▶ _Provided data_:
★ ★ ★ ★ ★ ★ ★
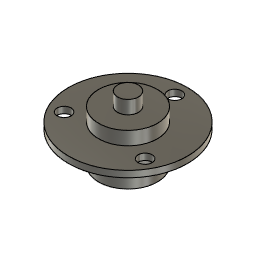
RAD-AlecBearing with Warp Plate Key (Autodesk Fusion 360 archive; units mm, degrees)
design "Slip Ring SNM022A-06"
Autodesk Fusion 360 part; units mm, degrees
sketch "Sketch1" plane through (0, 0, 0) normal (0, 0, 1) x (1, 0, 0)
  circle A0 centre (0, 0) radius 22.25
  circle A1 centre (0, 0) radius 17.5
  circle A2 centre (0, 0) radius 11
  line L0 (0, 0) -> (0, 30)
  circle A3 centre (0, 17.5) radius 2.6
  circle A4 centre (-15.1554, -8.75) radius 2.6
  circle A5 centre (15.1554, -8.75) radius 2.6
  circle A6 centre (0, 0) radius 3.9
  dimension "d1" = 44.5
  dimension "d2" = 35
  dimension "d3" = 22
  dimension "d4" = 5.2
  dimension "d5" = 5.2
  dimension "d6" = 5.2
  dimension "d7" = 7.8
  constraint coincident A0.centre A1.centre
  constraint concentric A0 A1
  constraint concentric A1 A2
  constraint vertical L0
  constraint coincident A1 A3.centre
  constraint coincident L0 A3.centre
  measures "d1" diameter of A0
  measures "d2" diameter of A1
  measures "d3" diameter of A2
  measures "d4" diameter of A3
  measures "d5" diameter of A4
  measures "d6" diameter of A5
  measures "d7" diameter of A6
extrude "Extrude1" add sketch "Sketch1" against normal blind 2.4 contours A0 | A1 A3 A4 A5 | A2 | A6
extrude "Extrude2" add sketch "Sketch1" along normal blind 5 and the other way blind 14 contours A2 | A6
extrude "Extrude3" add sketch "Sketch1" along normal blind 10 contours A6
★ ★ ★ ★ ★ ★ ★
Reproduce, exactly and with nothing added, the lines from the one that includes "A5 | A2 | A6" through the last line of the material.

▶ _Expected answer_:
extrude "Extrude1" add sketch "Sketch1" against normal blind 2.4 contours A0 | A1 A3 A4 A5 | A2 | A6
extrude "Extrude2" add sketch "Sketch1" along normal blind 5 and the other way blind 14 contours A2 | A6
extrude "Extrude3" add sketch "Sketch1" along normal blind 10 contours A6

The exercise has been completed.